• TRY IT
Each record must come back unchanged in your answer, stripped of its images.

----

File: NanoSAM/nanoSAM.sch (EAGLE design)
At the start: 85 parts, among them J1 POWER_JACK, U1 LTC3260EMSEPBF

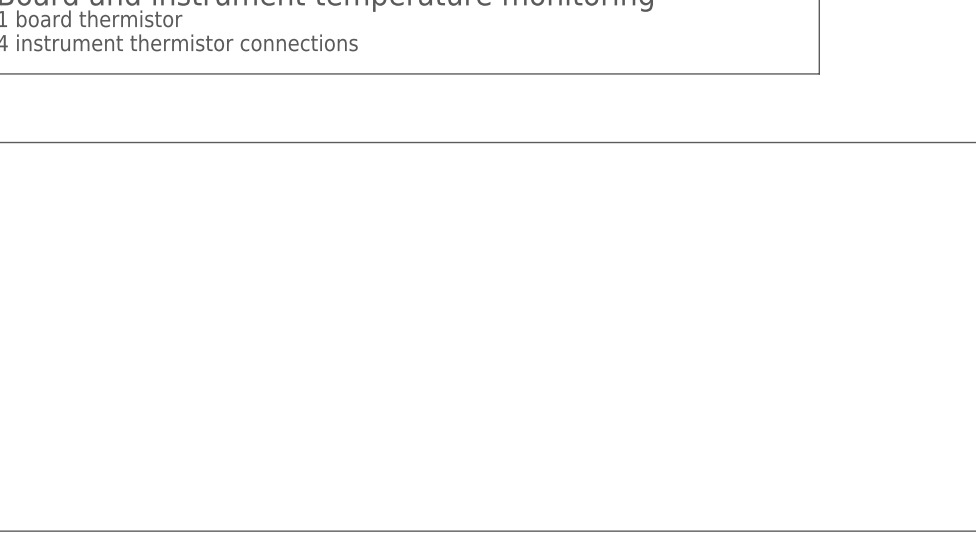
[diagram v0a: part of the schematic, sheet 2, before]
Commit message: Added Coin Cell Battery library, schematic, and board.
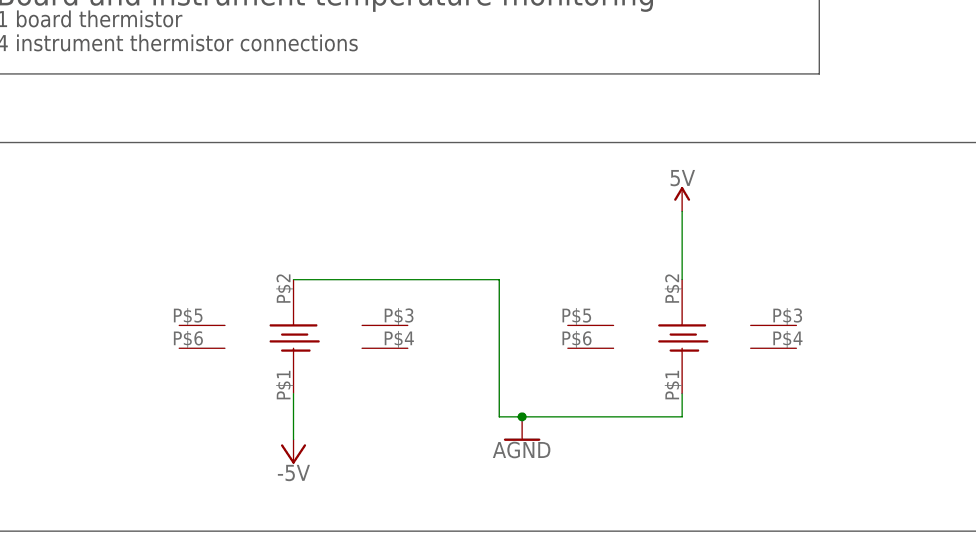
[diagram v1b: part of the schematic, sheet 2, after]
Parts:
- added U$20, U$21: CR2032, BatteryCR2032:CR2032
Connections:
- net -5V: now also U$20.P$2
- net 5V: now also U$21.P$1
- net AGND: now also U$20.P$1, U$21.P$2
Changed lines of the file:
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@@
 <part name="SUPPLY30" library="supply2" library_urn="urn:adsk.eagle:library:372" deviceset="DGND" device=""/>
 <part name="SUPPLY32" library="supply2" library_urn="urn:adsk.eagle:library:372" deviceset="DGND" device=""/>
+<part name="U$20" library="BatteryCR2032" deviceset="CR2032" device=""/>
+<part name="U$21" library="BatteryCR2032" deviceset="CR2032" device=""/>
+<part name="U$22" library="SparkFun-PowerSymbols" library_urn="urn:adsk.eagle:library:530" deviceset="AGND" device=""/>
+<part name="SUPPLY22" library="supply1" library_urn="urn:adsk.eagle:library:371" deviceset="-5V" device=""/>
+<part name="SUPPLY27" library="SparkFun-PowerSymbols" library_urn="urn:adsk.eagle:library:530" deviceset="5V" device=""/>
 </parts>
 <sheets>
@@
 <attribute name="VALUE" x="43.053" y="161.925" size="1.778" layer="96"/>
 </instance>
+<instance part="U$20" gate="G$1" x="48.26" y="38.1" smashed="yes"/>
+<instance part="U$21" gate="G$1" x="91.44" y="38.1" smashed="yes"/>
+<instance part="U$22" gate="G$1" x="73.66" y="20.32" smashed="yes">
+<attribute name="VALUE" x="73.66" y="20.066" size="1.778" layer="96" align="top-center"/>
+</instance>
+<instance part="SUPPLY22" gate="1" x="48.26" y="17.78" smashed="yes">
+<attribute name="VALUE" x="48.26" y="17.526" size="1.778" layer="96" align="top-center"/>
+</instance>
+<instance part="SUPPLY27" gate="G$1" x="91.44" y="45.72" smashed="yes">
+<attribute name="VALUE" x="91.44" y="48.514" size="1.778" layer="96" align="bottom-center"/>
+</instance>
 </instances>
 <busses>
@@
 <pinref part="R26" gate="G$1" pin="2"/>
 </segment>
+<segment>
+<wire x1="91.44" y1="38.1" x2="91.44" y2="45.72" width="0.1524" layer="91"/>
+<pinref part="U$21" gate="G$1" pin="P$1"/>
+<pinref part="SUPPLY27" gate="G$1" pin="5V"/>
+</segment>
 </net>
 <net name="AGND" class="0">
@@
 <pinref part="U$18" gate="G$1" pin="AGND"/>
 <wire x1="236.22" y1="111.76" x2="231.14" y2="111.76" width="0.1524" layer="91"/>
+</segment>
+<segment>
+<pinref part="U$20" gate="G$1" pin="P$1"/>
+<wire x1="48.26" y1="38.1" x2="71.12" y2="38.1" width="0.1524" layer="91"/>
+<wire x1="71.12" y1="38.1" x2="71.12" y2="22.86" width="0.1524" layer="91"/>
+<pinref part="U$21" gate="G$1" pin="P$2"/>
+<wire x1="71.12" y1="22.86" x2="73.66" y2="22.86" width="0.1524" layer="91"/>
+<wire x1="73.66" y1="22.86" x2="91.44" y2="22.86" width="0.1524" layer="91"/>
+<wire x1="91.44" y1="22.86" x2="91.44" y2="25.4" width="0.1524" layer="91"/>
+<pinref part="U$22" gate="G$1" pin="AGND"/>
+<junction x="73.66" y="22.86"/>
 </segment>
 </net>
@@
 <pinref part="R27" gate="G$1" pin="2"/>
 </segment>
-</net>
+<segment>
+<pinref part="U$20" gate="G$1" pin="P$2"/>
+<wire x1="48.26" y1="25.4" x2="48.26" y2="20.32" width="0.1524" layer="91"/>
+<pinref part="SUPPLY22" gate="1" pin="-5V"/>
+</segment>
+</net>

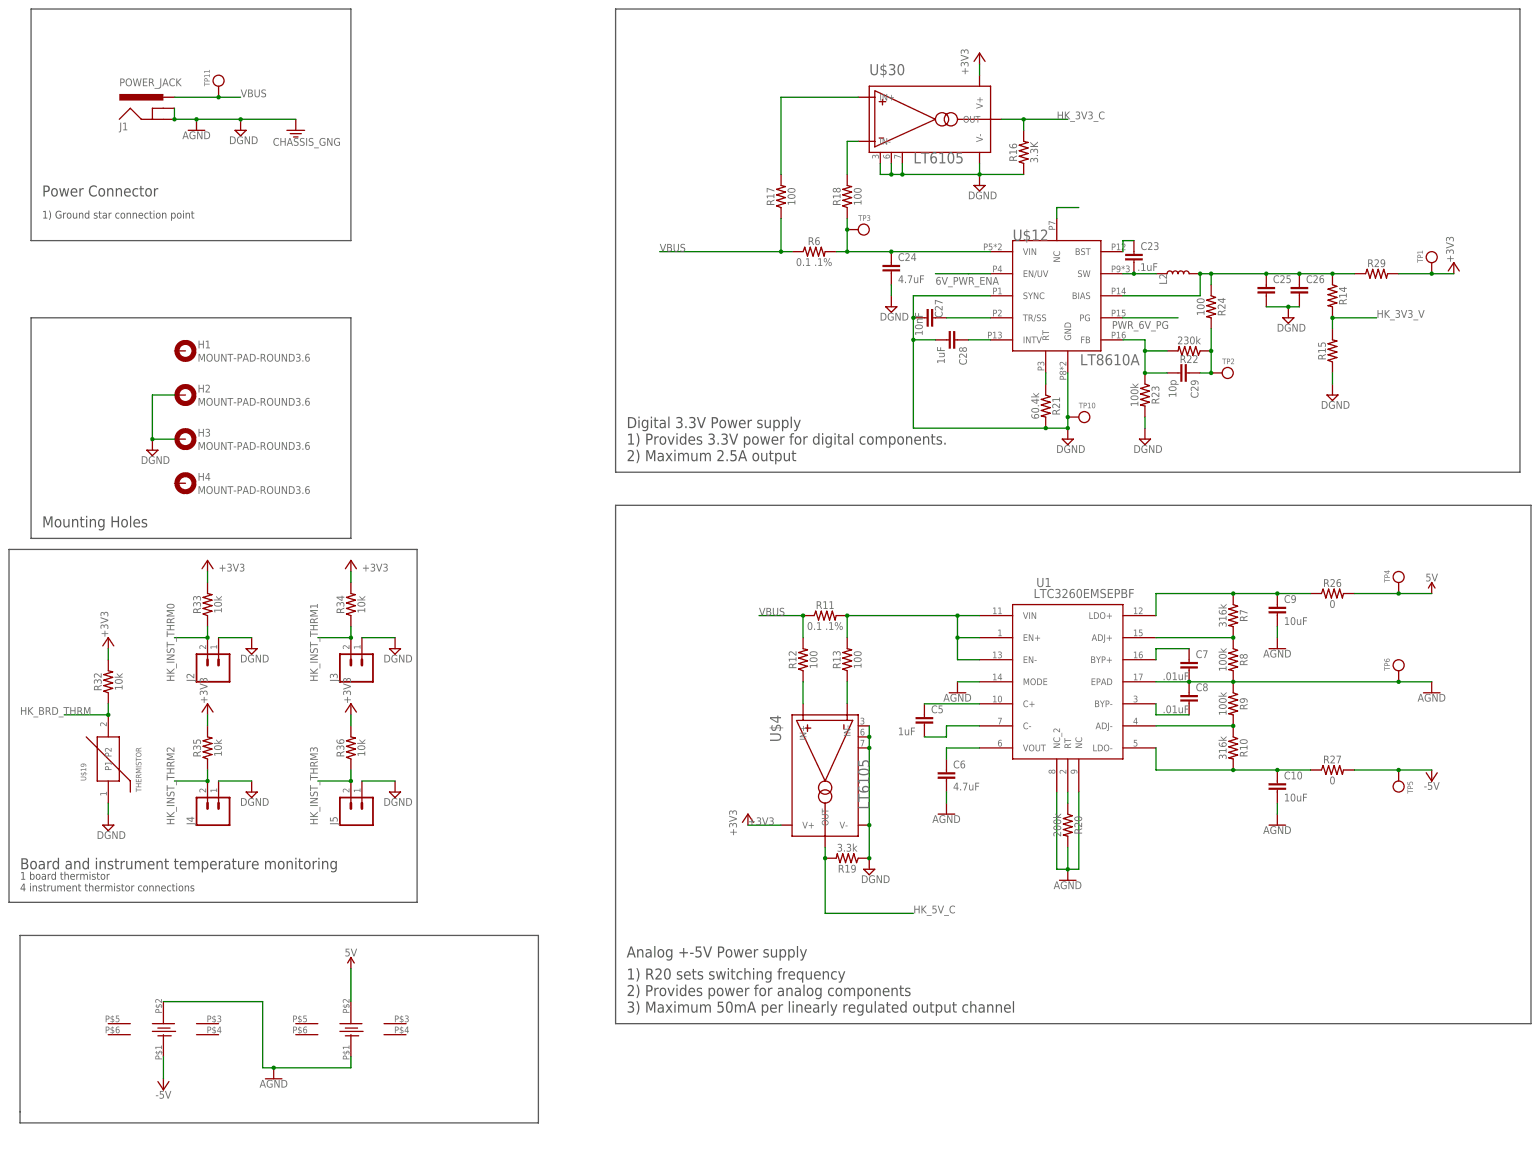
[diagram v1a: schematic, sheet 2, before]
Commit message: added some documentation to schematic, added datasheets folder
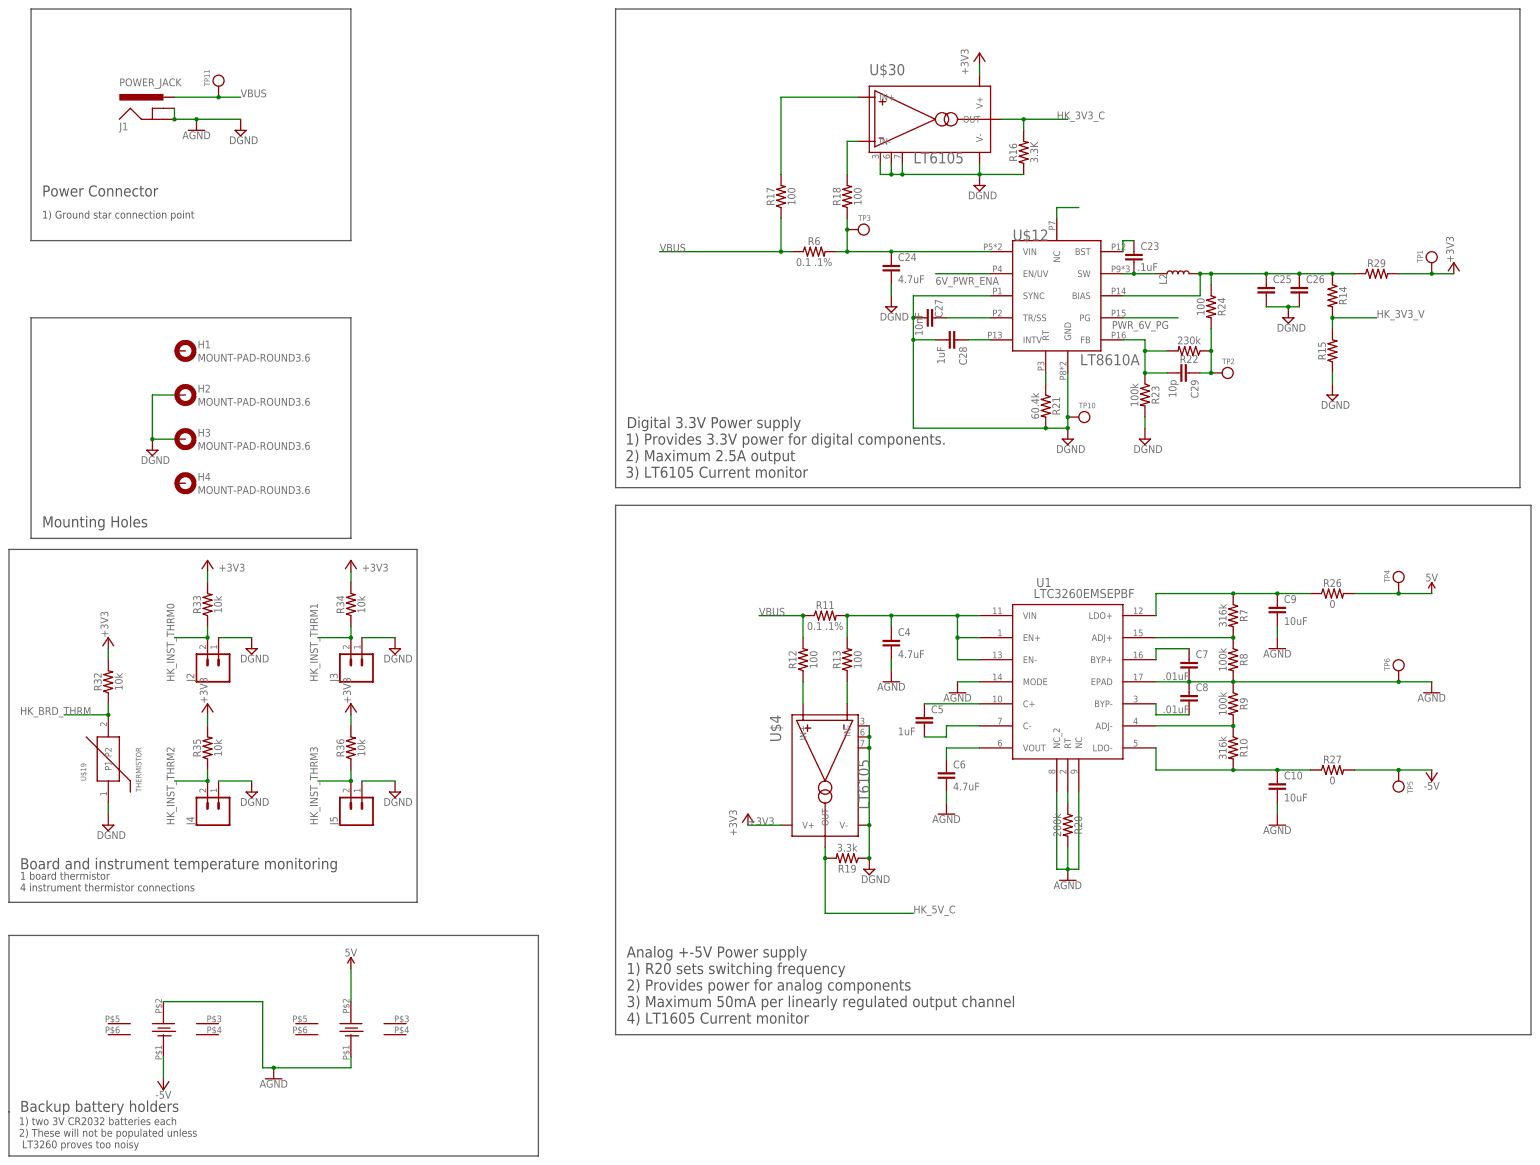
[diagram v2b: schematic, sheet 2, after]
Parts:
- added C4: 4.7uF, SparkFun-Capacitors:4.7UF-1206-16V-(+80/-20%)
- R25: value DNP -> 1M
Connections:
- net AGND: now also C4.2
- net N$15: now also C4.1
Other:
- note added: "1) Provides 3.3V power for digital components. 2) Maximum 2.5A output 3) LT6105 Current monitor"
- note added: "1) R20 sets switching frequency 2) Provides power for analog components 3) Maximum 50mA per linearly regulated output channel 4) LT1605 Current monitor"
- note added: "1) Teensy 4.0 2) SPI bus for ADC and flash 4) Analog inputs used for housekeeping signals"
- note added: "1) two 3V CR2032 batteries each 2) These will not be populated unless LT3260 proves too noisy"
- note added: "Backup battery holders"
- note removed: "1) Provides 3.3V power for digital components. 2) Maximum 2.5A output"
- note removed: "1) R20 sets switching frequency 2) Provides power for analog components 3) Maximum 50mA per linearly regulated output channel"
- note removed: "1) Teensy 4.0 2) Requires 1 SPI bus 3) Requires 1 I2C bus 4) Analog inputs used for housekeeping signals"
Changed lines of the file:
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@@
 <?xml version="1.0" encoding="utf-8"?>
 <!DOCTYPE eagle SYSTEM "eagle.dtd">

----

• OUTPUT FOR THIS TASK
File: NanoSAM/nanoSAM.sch (EAGLE design)
At the start: 85 parts, among them J1 POWER_JACK, U1 LTC3260EMSEPBF

[diagram v0a: part of the schematic, sheet 2, before]
Commit message: Added Coin Cell Battery library, schematic, and board.
[diagram v1b: part of the schematic, sheet 2, after]
Parts:
- added U$20, U$21: CR2032, BatteryCR2032:CR2032
Connections:
- net -5V: now also U$20.P$2
- net 5V: now also U$21.P$1
- net AGND: now also U$20.P$1, U$21.P$2
Changed lines of the file:
@@
 <part name="SUPPLY30" library="supply2" library_urn="urn:adsk.eagle:library:372" deviceset="DGND" device=""/>
 <part name="SUPPLY32" library="supply2" library_urn="urn:adsk.eagle:library:372" deviceset="DGND" device=""/>
+<part name="U$20" library="BatteryCR2032" deviceset="CR2032" device=""/>
+<part name="U$21" library="BatteryCR2032" deviceset="CR2032" device=""/>
+<part name="U$22" library="SparkFun-PowerSymbols" library_urn="urn:adsk.eagle:library:530" deviceset="AGND" device=""/>
+<part name="SUPPLY22" library="supply1" library_urn="urn:adsk.eagle:library:371" deviceset="-5V" device=""/>
+<part name="SUPPLY27" library="SparkFun-PowerSymbols" library_urn="urn:adsk.eagle:library:530" deviceset="5V" device=""/>
 </parts>
 <sheets>
@@
 <attribute name="VALUE" x="43.053" y="161.925" size="1.778" layer="96"/>
 </instance>
+<instance part="U$20" gate="G$1" x="48.26" y="38.1" smashed="yes"/>
+<instance part="U$21" gate="G$1" x="91.44" y="38.1" smashed="yes"/>
+<instance part="U$22" gate="G$1" x="73.66" y="20.32" smashed="yes">
+<attribute name="VALUE" x="73.66" y="20.066" size="1.778" layer="96" align="top-center"/>
+</instance>
+<instance part="SUPPLY22" gate="1" x="48.26" y="17.78" smashed="yes">
+<attribute name="VALUE" x="48.26" y="17.526" size="1.778" layer="96" align="top-center"/>
+</instance>
+<instance part="SUPPLY27" gate="G$1" x="91.44" y="45.72" smashed="yes">
+<attribute name="VALUE" x="91.44" y="48.514" size="1.778" layer="96" align="bottom-center"/>
+</instance>
 </instances>
 <busses>
@@
 <pinref part="R26" gate="G$1" pin="2"/>
 </segment>
+<segment>
+<wire x1="91.44" y1="38.1" x2="91.44" y2="45.72" width="0.1524" layer="91"/>
+<pinref part="U$21" gate="G$1" pin="P$1"/>
+<pinref part="SUPPLY27" gate="G$1" pin="5V"/>
+</segment>
 </net>
 <net name="AGND" class="0">
@@
 <pinref part="U$18" gate="G$1" pin="AGND"/>
 <wire x1="236.22" y1="111.76" x2="231.14" y2="111.76" width="0.1524" layer="91"/>
+</segment>
+<segment>
+<pinref part="U$20" gate="G$1" pin="P$1"/>
+<wire x1="48.26" y1="38.1" x2="71.12" y2="38.1" width="0.1524" layer="91"/>
+<wire x1="71.12" y1="38.1" x2="71.12" y2="22.86" width="0.1524" layer="91"/>
+<pinref part="U$21" gate="G$1" pin="P$2"/>
+<wire x1="71.12" y1="22.86" x2="73.66" y2="22.86" width="0.1524" layer="91"/>
+<wire x1="73.66" y1="22.86" x2="91.44" y2="22.86" width="0.1524" layer="91"/>
+<wire x1="91.44" y1="22.86" x2="91.44" y2="25.4" width="0.1524" layer="91"/>
+<pinref part="U$22" gate="G$1" pin="AGND"/>
+<junction x="73.66" y="22.86"/>
 </segment>
 </net>
@@
 <pinref part="R27" gate="G$1" pin="2"/>
 </segment>
-</net>
+<segment>
+<pinref part="U$20" gate="G$1" pin="P$2"/>
+<wire x1="48.26" y1="25.4" x2="48.26" y2="20.32" width="0.1524" layer="91"/>
+<pinref part="SUPPLY22" gate="1" pin="-5V"/>
+</segment>
+</net>

[diagram v1a: schematic, sheet 2, before]
Commit message: added some documentation to schematic, added datasheets folder
[diagram v2b: schematic, sheet 2, after]
Parts:
- added C4: 4.7uF, SparkFun-Capacitors:4.7UF-1206-16V-(+80/-20%)
- R25: value DNP -> 1M
Connections:
- net AGND: now also C4.2
- net N$15: now also C4.1
Other:
- note added: "1) Provides 3.3V power for digital components. 2) Maximum 2.5A output 3) LT6105 Current monitor"
- note added: "1) R20 sets switching frequency 2) Provides power for analog components 3) Maximum 50mA per linearly regulated output channel 4) LT1605 Current monitor"
- note added: "1) Teensy 4.0 2) SPI bus for ADC and flash 4) Analog inputs used for housekeeping signals"
- note added: "1) two 3V CR2032 batteries each 2) These will not be populated unless LT3260 proves too noisy"
- note added: "Backup battery holders"
- note removed: "1) Provides 3.3V power for digital components. 2) Maximum 2.5A output"
- note removed: "1) R20 sets switching frequency 2) Provides power for analog components 3) Maximum 50mA per linearly regulated output channel"
- note removed: "1) Teensy 4.0 2) Requires 1 SPI bus 3) Requires 1 I2C bus 4) Analog inputs used for housekeeping signals"
Changed lines of the file:
@@
 <?xml version="1.0" encoding="utf-8"?>
 <!DOCTYPE eagle SYSTEM "eagle.dtd">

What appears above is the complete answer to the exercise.